Total number of molecules:
N \approx n N_A \approx (2\times 10^{-4})(6.022\times 10^{23}) \approx 1.2\times 10^{20}\ \text{molecules}
Step 2: Adiabatic compression to 5 kbar
For an adiabatic process:
P V^\gamma = \text{const}, \quad T V^{\gamma-1} = \text{const}
Volume ratio:
\frac{V_2}{V_1} = \left(\frac{P_1}{P_2}\right)^{1/\gamma}
= \left(\frac{1\times 10^{5}}{5\times 10^{8}}\right)^{1/(5/3)}
= (2\times 10^{-4})^{0.6}
More directly:
\frac{P_2}{P_1} = 5000
\frac{V_2}{V_1} = \left(\frac{P_1}{P_2}\right)^{1/\gamma}
= 5000^{-0.6}
5000^{0.6} \approx e^{0.6 \ln 5000} \approx e^{0.6\times 8.517} \approx e^{5.11} \approx 165
\Rightarrow \frac{V_2}{V_1} \approx \frac{1}{165}
So:
V_2 \approx \frac{V_1}{165} \approx \frac{1.25\times 10^{-5}}{165} \approx 7.6\times 10^{-8}\ \text{m}^3
Final radius:
r_2 = r_1 \left(\frac{V_2}{V_1}\right)^{1/3}
= r_1 \left(\frac{1}{165}\right)^{1/3}
165^{1/3} \approx 5.5
r_2 \approx \frac{1.4\ \text{cm}}{5.5} \approx 0.26\ \text{cm} = 2.6\ \text{mm}
So even at 5 kbar, the bubble only shrinks from ~1.4 cm radius to ~2.6 mm radius under this adiabatic model.
Final temperature:
T_2 = T_1 \left(\frac{P_2}{P_1}\right)^{(\gamma-1)/\gamma}
= 750 \times 5000^{(2/5)}
5000^{0.4} \approx e^{0.4\times 8.517} \approx e^{3.41} \approx 30
T_2 \approx 750 \times 30 \approx 2.3\times 10^{4}\ \text{K}
If we instead used a more conservative diatomic \gamma = 1.4:
T_2 = 750 \times 5000^{0.2857} \approx 750 \times 11.4 \approx 8.6\times 10^{3}\ \text{K}
So even with optimistic \gamma = 5/3, we’re in the few \times 10^{4}\ \text{K} range, not millions of kelvin.

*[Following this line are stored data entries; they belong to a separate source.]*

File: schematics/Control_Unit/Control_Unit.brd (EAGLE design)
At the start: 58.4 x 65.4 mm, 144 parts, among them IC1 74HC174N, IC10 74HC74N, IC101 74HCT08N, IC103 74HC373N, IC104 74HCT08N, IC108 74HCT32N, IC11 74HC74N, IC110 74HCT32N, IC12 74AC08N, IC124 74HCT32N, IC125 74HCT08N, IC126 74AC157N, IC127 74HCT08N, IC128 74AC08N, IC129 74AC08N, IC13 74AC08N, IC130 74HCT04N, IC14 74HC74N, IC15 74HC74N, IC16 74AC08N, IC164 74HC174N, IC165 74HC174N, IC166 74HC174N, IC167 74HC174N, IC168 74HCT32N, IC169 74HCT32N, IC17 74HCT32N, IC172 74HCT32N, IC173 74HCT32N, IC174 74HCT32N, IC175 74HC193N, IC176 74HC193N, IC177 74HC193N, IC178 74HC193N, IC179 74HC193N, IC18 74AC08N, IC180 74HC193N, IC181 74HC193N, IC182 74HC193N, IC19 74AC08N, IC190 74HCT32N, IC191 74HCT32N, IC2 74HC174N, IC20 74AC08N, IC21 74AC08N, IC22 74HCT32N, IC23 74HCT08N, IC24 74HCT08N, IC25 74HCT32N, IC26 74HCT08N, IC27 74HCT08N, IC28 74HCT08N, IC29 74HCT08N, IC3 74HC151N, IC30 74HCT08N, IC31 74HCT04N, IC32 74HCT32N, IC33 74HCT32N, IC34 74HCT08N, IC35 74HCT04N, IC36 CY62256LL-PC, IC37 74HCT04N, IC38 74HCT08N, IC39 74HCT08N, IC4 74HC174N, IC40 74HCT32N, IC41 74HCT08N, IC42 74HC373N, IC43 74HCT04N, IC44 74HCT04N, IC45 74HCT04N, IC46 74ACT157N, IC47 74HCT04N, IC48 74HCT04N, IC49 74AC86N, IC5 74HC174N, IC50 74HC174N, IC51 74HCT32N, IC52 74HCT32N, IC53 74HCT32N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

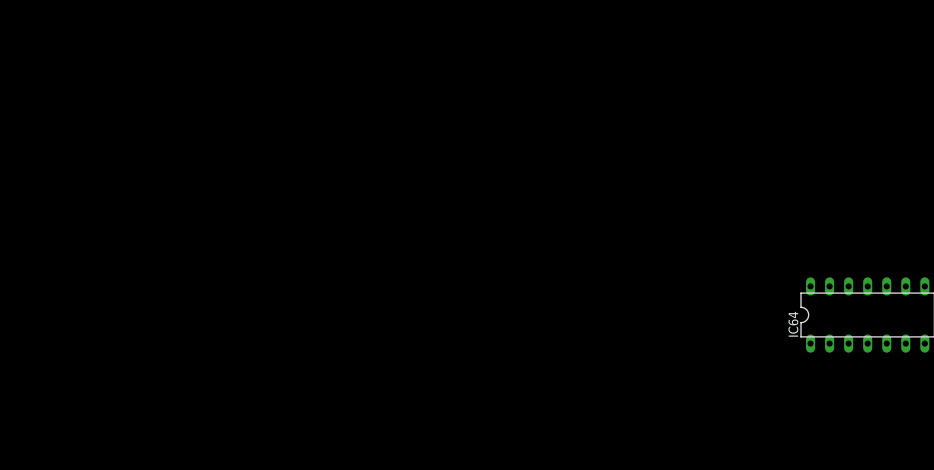
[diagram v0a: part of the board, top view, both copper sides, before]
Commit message: add second byte load of instruction fetch.
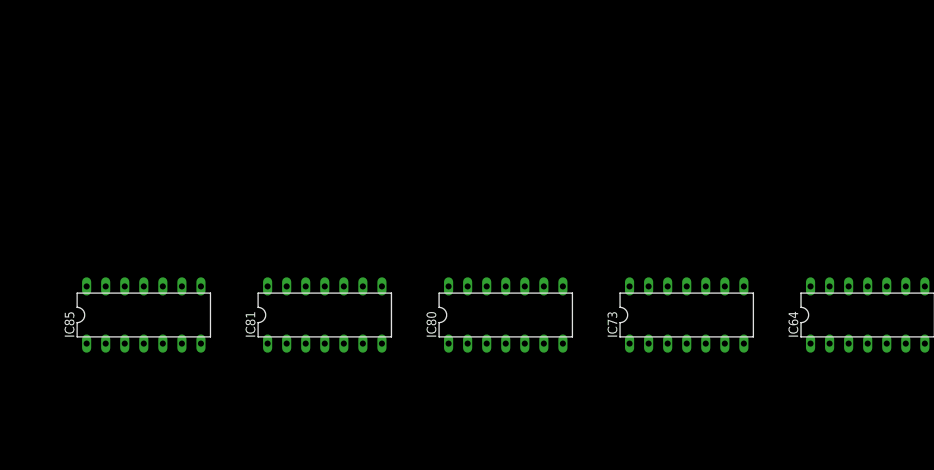
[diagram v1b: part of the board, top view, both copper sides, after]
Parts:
- added IC73, IC81: 74HCT08N, 74xx-eu:DIL14
- added IC80, IC85: 74HCT32N, 74xx-eu:DIL14
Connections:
- removed net IR_HIGH_LOAD_INPUT: IC4.9, IC5.9
- new net CLR_NOT_OE/CLR_NOT_CS_CYCL_2: IC80.11, IC85.2
- new net IR_LOAD_INPUT: IC4.9, IC5.9, IC80.12, IC81.11
- new net N$195: IC73.11, IC80.13
- new net N$200: IC63.13, IC85.3
- new net TWO_BYTE_CMD: IC73.12, IC81.13
- net CLR_NOT_CS_LDR: now also IC85.1; no longer IC63.13
- net CYCL_3: now also IC73.13
- net CYCL_4: now also IC81.12
- net GND: now also IC73.7, IC80.7, IC81.7, IC85.7
- net VCC: now also IC73.14, IC80.14, IC81.14, IC85.14
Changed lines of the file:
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@@
 <element name="IC31" library="74xx-eu" package="DIL14" value="74HCT04N" x="-63.1825" y="3.175"/>
 <element name="IC64" library="74xx-eu" package="DIL14" value="74HCT08N" x="-69.215" y="3.175"/>
+<element name="IC73" library="74xx-eu" package="DIL14" value="74HCT08N" x="-75.2475" y="3.175"/>
+<element name="IC80" library="74xx-eu" package="DIL14" value="74HCT32N" x="-81.28" y="3.175"/>
+<element name="IC81" library="74xx-eu" package="DIL14" value="74HCT08N" x="-87.3125" y="3.175"/>
+<element name="IC85" library="74xx-eu" package="DIL14" value="74HCT32N" x="-93.345" y="3.175"/>
 </elements>
 <signals>
@@
 <contactref element="IC31" pad="7"/>
 <contactref element="IC64" pad="7"/>
+<contactref element="IC73" pad="7"/>
+<contactref element="IC80" pad="7"/>
+<contactref element="IC81" pad="7"/>
+<contactref element="IC85" pad="7"/>
 <wire x1="52.3875" y1="58.1025" x2="49.8575" y2="63.5" width="0" layer="19" extent="1-1"/>
 <wire x1="51.435" y1="53.975" x2="52.3875" y2="58.1025" width="0" layer="19" extent="1-1"/>
@@
 <wire x1="-61.2775" y1="2.2225" x2="-49.2125" y2="2.2225" width="0" layer="19" extent="1-1"/>
 <wire x1="-67.31" y1="2.2225" x2="-61.2775" y2="2.2225" width="0" layer="19" extent="1-1"/>
+<wire x1="-73.3425" y1="2.2225" x2="-67.31" y2="2.2225" width="0" layer="19" extent="1-1"/>
+<wire x1="-79.375" y1="2.2225" x2="-73.3425" y2="2.2225" width="0" layer="19" extent="1-1"/>
+<wire x1="-85.4075" y1="2.2225" x2="-79.375" y2="2.2225" width="0" layer="19" extent="1-1"/>
+<wire x1="-91.44" y1="2.2225" x2="-85.4075" y2="2.2225" width="0" layer="19" extent="1-1"/>
 </signal>
 <signal name="VCC">
@@
 <contactref element="IC31" pad="14"/>
 <contactref element="IC64" pad="14"/>
+<contactref element="IC73" pad="14"/>
+<contactref element="IC80" pad="14"/>
+<contactref element="IC81" pad="14"/>
+<contactref element="IC85" pad="14"/>
 <wire x1="46.6725" y1="60.0075" x2="51.1075" y2="63.5" width="0" layer="19" extent="1-1"/>
 <wire x1="46.99" y1="55.88" x2="46.6725" y2="60.0075" width="0" layer="19" extent="1-1"/>
@@
 <wire x1="-65.0875" y1="4.1275" x2="-53.0225" y2="4.1275" width="0" layer="19" extent="1-1"/>
 <wire x1="-71.12" y1="4.1275" x2="-65.0875" y2="4.1275" width="0" layer="19" extent="1-1"/>
+<wire x1="-77.1525" y1="4.1275" x2="-71.12" y2="4.1275" width="0" layer="19" extent="1-1"/>
+<wire x1="-83.185" y1="4.1275" x2="-77.1525" y2="4.1275" width="0" layer="19" extent="1-1"/>
+<wire x1="-89.2175" y1="4.1275" x2="-83.185" y2="4.1275" width="0" layer="19" extent="1-1"/>
+<wire x1="-95.25" y1="4.1275" x2="-89.2175" y2="4.1275" width="0" layer="19" extent="1-1"/>
 </signal>
 <signal name="CLR_NOT_OE/CLR_NOT_CS_CYCL_0">
@@
 <contactref element="IC11" pad="5"/>
 <contactref element="IC11" pad="12"/>
-<wire x1="9.2075" y1="53.0225" x2="10.4775" y2="51.1175" width="0" layer="19" extent="1-1"/>
+<contactref element="IC73" pad="13"/>
+<wire x1="9.2075" y1="53.0225" x2="-76.5175" y2="4.1275" width="0" layer="19" extent="1-1"/>
+<wire x1="10.4775" y1="51.1175" x2="9.2075" y2="53.0225" width="0" layer="19" extent="1-1"/>
 </signal>
 <signal name="CYCL_5">
@@
 <contactref element="IC14" pad="2"/>
 <contactref element="IC11" pad="9"/>
-<wire x1="11.1125" y1="53.0225" x2="13.6525" y2="51.1175" width="0" layer="19" extent="1-1"/>
+<contactref element="IC81" pad="12"/>
+<wire x1="11.1125" y1="53.0225" x2="-87.9475" y2="4.1275" width="0" layer="19" extent="1-1"/>
+<wire x1="13.6525" y1="51.1175" x2="11.1125" y2="53.0225" width="0" layer="19" extent="1-1"/>
 </signal>
 <signal name="OPCODE_2">
@@
 <wire x1="5.3975" y1="41.5925" x2="25.7175" y2="24.4475" width="0" layer="19" extent="1-1"/>
 </signal>
-<signal name="IR_HIGH_LOAD_INPUT">
+<signal name="IR_LOAD_INPUT">
 <contactref element="IC4" pad="9"/>
 <contactref element="IC5" pad="9"/>
-<wire x1="13.0175" y1="37.7825" x2="18.7325" y2="37.7825" width="0" layer="19" extent="1-1"/>
+<contactref element="IC81" pad="11"/>
+<contactref element="IC80" pad="12"/>
+<wire x1="-81.915" y1="4.1275" x2="-87.3125" y2="4.1275" width="0" layer="19" extent="1-1"/>
+<wire x1="13.0175" y1="37.7825" x2="-81.915" y2="4.1275" width="0" layer="19" extent="1-1"/>
+<wire x1="18.7325" y1="37.7825" x2="13.0175" y2="37.7825" width="0" layer="19" extent="1-1"/>
 </signal>
 <signal name="REG_0_LOAD_INPUT">
@@
 </signal>
 <signal name="CLR_NOT_CS_LDR">
-<contactref element="IC63" pad="13"/>
 <contactref element="IC173" pad="1"/>
 <contactref element="IC173" pad="6"/>
+<contactref element="IC85" pad="1"/>
 <wire x1="38.4175" y1="58.7375" x2="41.5925" y2="58.7375" width="0" layer="19" extent="1-1"/>
-<wire x1="33.9725" y1="56.8325" x2="38.4175" y2="58.7375" width="0" layer="19" extent="1-1"/>
+<wire x1="-95.25" y1="2.2225" x2="38.4175" y2="58.7375" width="0" layer="19" extent="1-1"/>
 </signal>
 <signal name="CLR_NOT_CS_STR">
@@
 </signal>
 <signal name="N$126">
-<contactref element="IC17" pad="3"/>
 <contactref element="IC63" pad="12"/>
+<contactref element="IC17" pad="3"/>
 <wire x1="-3.4925" y1="2.2225" x2="34.6075" y2="56.8325" width="0" layer="19" extent="1-1"/>
 </signal>
@@
 <contactref element="IC20" pad="11"/>
 </signal>
+<signal name="TWO_BYTE_CMD">
+<contactref element="IC81" pad="13"/>
+<contactref element="IC73" pad="12"/>
+<wire x1="-75.8825" y1="4.1275" x2="-88.5825" y2="4.1275" width="0" layer="19" extent="1-1"/>
+</signal>
+<signal name="N$195">
+<contactref element="IC73" pad="11"/>
+<contactref element="IC80" pad="13"/>
+<wire x1="-75.2475" y1="4.1275" x2="-82.55" y2="4.1275" width="0" layer="19" extent="1-1"/>
+</signal>
+<signal name="CLR_NOT_OE/CLR_NOT_CS_CYCL_2">
+<contactref element="IC80" pad="11"/>
+<contactref element="IC85" pad="2"/>
+<wire x1="-81.28" y1="4.1275" x2="-94.615" y2="2.2225" width="0" layer="19" extent="1-1"/>
+</signal>
+<signal name="N$200">
+<contactref element="IC63" pad="13"/>
+<contactref element="IC85" pad="3"/>
+<wire x1="33.9725" y1="56.8325" x2="-93.98" y2="2.2225" width="0" layer="19" extent="1-1"/>
+</signal>
 </signals>

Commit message: reorder arguments. decoding is now easier
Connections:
- net INPUT_REG==OUTPUT_REG renamed INPUT_REG_IS_NOT_OUTPUT_REG
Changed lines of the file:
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@@
 <wire x1="9.2075" y1="43.4975" x2="3.4925" y2="49.2125" width="0" layer="19" extent="1-1"/>
 </signal>
-<signal name="INPUT_REG==OUTPUT_REG">
+<signal name="INPUT_REG_IS_NOT_OUTPUT_REG">
 <contactref element="IC168" pad="11"/>
 <contactref element="IC76" pad="1"/>

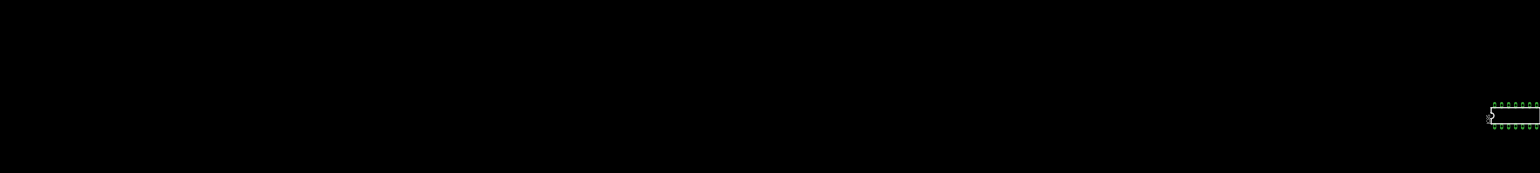
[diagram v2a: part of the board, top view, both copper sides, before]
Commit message: add two byte cmd decoder
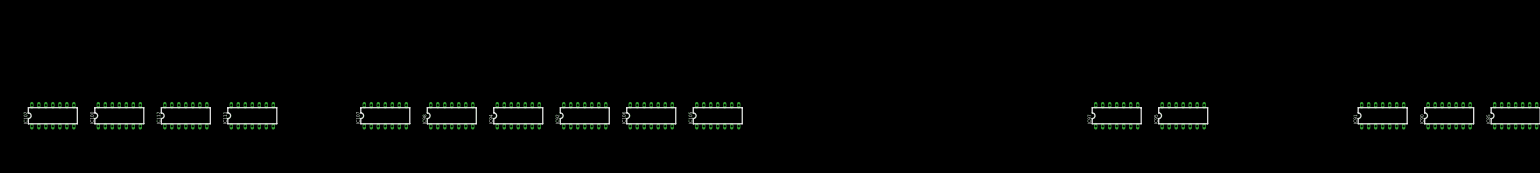
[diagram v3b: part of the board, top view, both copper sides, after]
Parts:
- added IC100, IC105, IC106, IC111, IC112, IC92, IC94, IC97, IC98: 74HCT32N, 74xx-eu:DIL14
- added IC102, IC107, IC90: 74HCT04N, 74xx-eu:DIL14
- added IC91, IC95: 74HCT08N, 74xx-eu:DIL14
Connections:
- removed net N$112: IC21.3, IC27.2, IC27.5, IC28.2
- removed net N$129: IC21.8, IC23.10, IC23.2, IC23.5
- removed net N$148: IC21.11, IC23.13, IC24.10, IC24.2, IC24.5
- removed net N$194: IC20.11
- new net LDR: IC112.12, IC21.3, IC27.2, IC27.5, IC28.2
- new net N$201: IC91.11, IC97.12
- new net N$203: IC95.11, IC97.13
- new net N$205: IC90.8, IC91.12
- new net N$206: IC102.8, IC91.13
- new net N$207: IC107.9, IC98.11
- new net N$213: IC94.11, IC98.13
- new net N$217: IC92.11, IC98.12
- new net N$218: IC100.13, IC105.11, IC95.12
- new net N$220: IC105.12, IC106.11
- new net N$227: IC107.8, IC95.13
- new net N$230: IC111.12, IC112.11
- new net POP: IC111.13, IC21.11, IC23.13, IC24.10, IC24.2, IC24.5
- new net PTR_ADD: IC101.10, IC104.10, IC104.13, IC104.2, IC106.13, IC124.4, IC127.5, IC20.6
- new net PUSH: IC105.13, IC21.8, IC23.10, IC23.2, IC23.5
- new net SAVE_LR/RET: IC112.13, IC20.11
- new net STR: IC106.12, IC21.6, IC27.10, IC27.13
- net GND: now also IC100.7, IC102.7, IC105.7, IC106.7, IC107.7, IC111.7, IC112.7, IC90.7, IC91.7, IC92.7, IC94.7, IC95.7, IC97.7, IC98.7
- net INPUT_REG_IS_NOT_OUTPUT_REG: now also IC90.9
- net N$13: now also IC100.12, IC111.11; no longer IC21.6, IC27.10, IC27.13
- net N$7: now also IC100.11, IC102.9; no longer IC101.10, IC104.10, IC104.13, IC104.2, IC124.4, IC127.5, IC20.6
- net OPCODE_4: now also IC92.12
- net OPCODE_5: now also IC94.12
- net OPCODE_6: now also IC92.13
- net OPCODE_7: now also IC94.13
- net TWO_BYTE_CMD: now also IC97.11
- net VCC: now also IC100.14, IC102.14, IC105.14, IC106.14, IC107.14, IC111.14, IC112.14, IC90.14, IC91.14, IC92.14, IC94.14, IC95.14, IC97.14, IC98.14

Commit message: implement SAVE_LR/RET structure. LR register needs to be added.
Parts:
- removed IC102: 74HCT04N, 74xx-eu:DIL14
- removed IC105, IC106, IC111, IC174, IC92, IC94, IC97, IC98: 74HCT32N, 74xx-eu:DIL14
- removed IC95: 74HCT08N, 74xx-eu:DIL14
- added IC109: 74HCT08N, 74xx-eu:DIL14
- added IC117: 74HC74N, 74xx-eu:DIL14
- IC29: value 74HCT08N -> 74HCT32N
- IC31, IC48: value 74HCT04N -> 74HCT32N
- IC51, IC53: value 74HCT32N -> 74HCT08N
- IC90: value 74HCT04N -> 74HCT08N
- moved IC29 302.2 mm to (-268.3, 3.17)
- moved IC48 265.4 mm to (-280.4, 3.17)
- moved IC51 265.4 mm to (-286.4, 3.17)
- moved IC53 265.4 mm to (-292.4, 3.17)
- moved IC70 247.3 mm to (-298.4, 3.17)
- moved IC73 229.2 mm to (-304.5, 3.17)
- moved IC85 223.2 mm to (-316.5, 3.17)
- moved IC81 223.2 mm to (-310.5, 3.17)
- moved IC90 223.2 mm to (-322.6, 3.17)
- moved IC31 211.1 mm to (-274.3, 3.17)
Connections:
- net CYCL6 renamed CYCL_6
- net TABLE_B_INPUT_BR_HIGH renamed TABLE_B_INPUT_PTR_HIGH
- new net CYCL_0: IC10.12, IC10.5, IC80.5
- new net CYCL_10: IC10.2, IC117.9
- new net CYCL_8: IC117.2, IC15.9
- new net CYCL_9: IC117.12, IC117.5
- new net N$112: IC109.3, IC29.2
- new net N$129: IC109.10, IC130.10
- new net N$194: IC109.11, IC109.2, IC73.2, IC81.5, IC90.5
- new net N$219: IC109.5, IC109.8, IC51.2, IC53.5, IC70.5
- new net N$223: IC109.6, IC31.2
- new net N$224: IC85.1, IC90.6
- new net N$225: IC31.3
- new net N$226: IC48.2, IC53.6
- new net N$228: IC48.1, IC70.6
- new net N$229: IC29.1, IC73.3
- new net N$231: IC48.3
- new net N$232: IC85.3
- new net N$233: IC81.6, IC85.2
- new net WRITE_LR_DBUS_SAVE_LR: IC29.3
- net CLR_NOT_CS_LDR: now also IC17.4; no longer IC85.1
- net CLR_NOT_OE/CLR_NOT_CS_CYCL_0: now also IC80.6; no longer IC51.11
- net CLR_NOT_OE/CLR_NOT_CS_CYCL_2: now also IC17.5; no longer IC85.2
- net CYCL_3: now also IC91.5; no longer IC73.13
- net CYCL_4: now also IC91.1; no longer IC81.12
- net CYCL_7: now also IC15.12; no longer IC10.2
- net GND: now also IC109.7, IC117.7; no longer IC102.7, IC105.7, IC106.7, IC111.7, IC174.7, IC92.7, IC94.7, IC95.7, IC97.7, IC98.7
- net INPUT_REG_IS_NOT_OUTPUT_REG: now also IC107.11; no longer IC90.9
- net IR_LOAD_INPUT: now also IC91.3; no longer IC81.11
- net N$100: now also IC99.11; no longer IC53.3
- net N$118: now also IC124.12; no longer IC174.4
- net N$13: now also IC112.3; no longer IC111.11
- net N$132: now also IC125.6; no longer IC70.8
- net N$149: now also IC125.13, IC130.4; no longer IC29.10, IC31.2
- net N$15: now also IC125.11; no longer IC29.8
- net N$163: now also IC31.1, IC51.3; no longer IC10.12, IC10.5, IC51.13
- net N$168: now also IC99.13; no longer IC53.2
- net N$195: now also IC91.6; no longer IC73.11
- net N$197: now also IC124.11; no longer IC174.6
- net N$200: now also IC17.6; no longer IC85.3
- net N$201: now also IC80.1; no longer IC97.12
- net N$203: now also IC80.2, IC91.8; no longer IC95.11, IC97.13
- net N$205: now also IC107.10; no longer IC90.8
- net N$206: now also IC107.2; no longer IC102.8
- net N$207: now also IC100.8; no longer IC98.11
- net N$213: now also IC100.10, IC100.3; no longer IC94.11, IC98.13
- net N$217: now also IC100.6, IC100.9; no longer IC92.11, IC98.12
- net N$218: now also IC112.8, IC91.9; no longer IC105.11, IC95.12
- net N$22: now also IC125.5, IC130.3; no longer IC31.1, IC70.10
- net N$220: now also IC112.6, IC112.9; no longer IC105.12, IC106.11
- net N$227: now also IC91.10; no longer IC95.13
- net N$230: now also IC112.1; no longer IC111.12
- net N$31: now also IC37.1; no longer IC48.13
- net N$34: now also IC124.13; no longer IC174.5
- net N$69: now also IC37.2; no longer IC48.12
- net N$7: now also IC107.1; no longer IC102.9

Step 3: Time to reach stagnation
For an order-of-magnitude collapse time, assume the bubble wall moves inward at roughly the speed of sound in the surrounding liquid (say FLiBe or something similarly dense):
- Speed of sound in liquid: take c \sim 2000\ \text{m/s} as a ballpark
- Distance traveled by the wall: from r_1 \approx 1.4\ \text{cm} to r_2 \approx 0.26\ \text{cm}, so \Delta r \approx 1.1\ \text{cm} = 1.1\times 10^{-2}\ \text{m}
Then:
t_{\text{collapse}} \sim \frac{\Delta r}{c} \approx \frac{1.1\times 10^{-2}}{2000} \approx 5.5\times 10^{-6}\ \text{s}
So a few microseconds from initial state to stagnation is a reasonable estimate.
Back to your doubt
So, under assumptions that are actually quite generous to the concept:
- Initial bubble: r_1 \sim 1.4\ \text{cm}, T_1 = 750\ \text{K}, P_1 = 1\ \text{bar}, n = 2\times 10^{-4}\ \text{mol}
- Peak compression: P_2 = 5\ \text{kbar}
- Adiabatic heating: T_2 \sim 2\times 10^{4}\ \text{K} (optimistic)
- Final radius: r_2 \sim 2.6\ \text{mm}
- Collapse time: \mathcal{O}(5\ \mu\text{s})
That’s hot and fast by everyday standards, but it’s still a long way from the kind of extreme temperatures and intensities you’d want if the sonoluminescent flash is supposed to act as a robust, high-gain optical trigger for a lasing cascade that then neatly refocuses back onto the bubble.
So yes, Thomas—given these starting conditions and a 5 kbar acoustic drive, your skepticism about “sufficient temperature for an intense enough pulse” looks very well founded.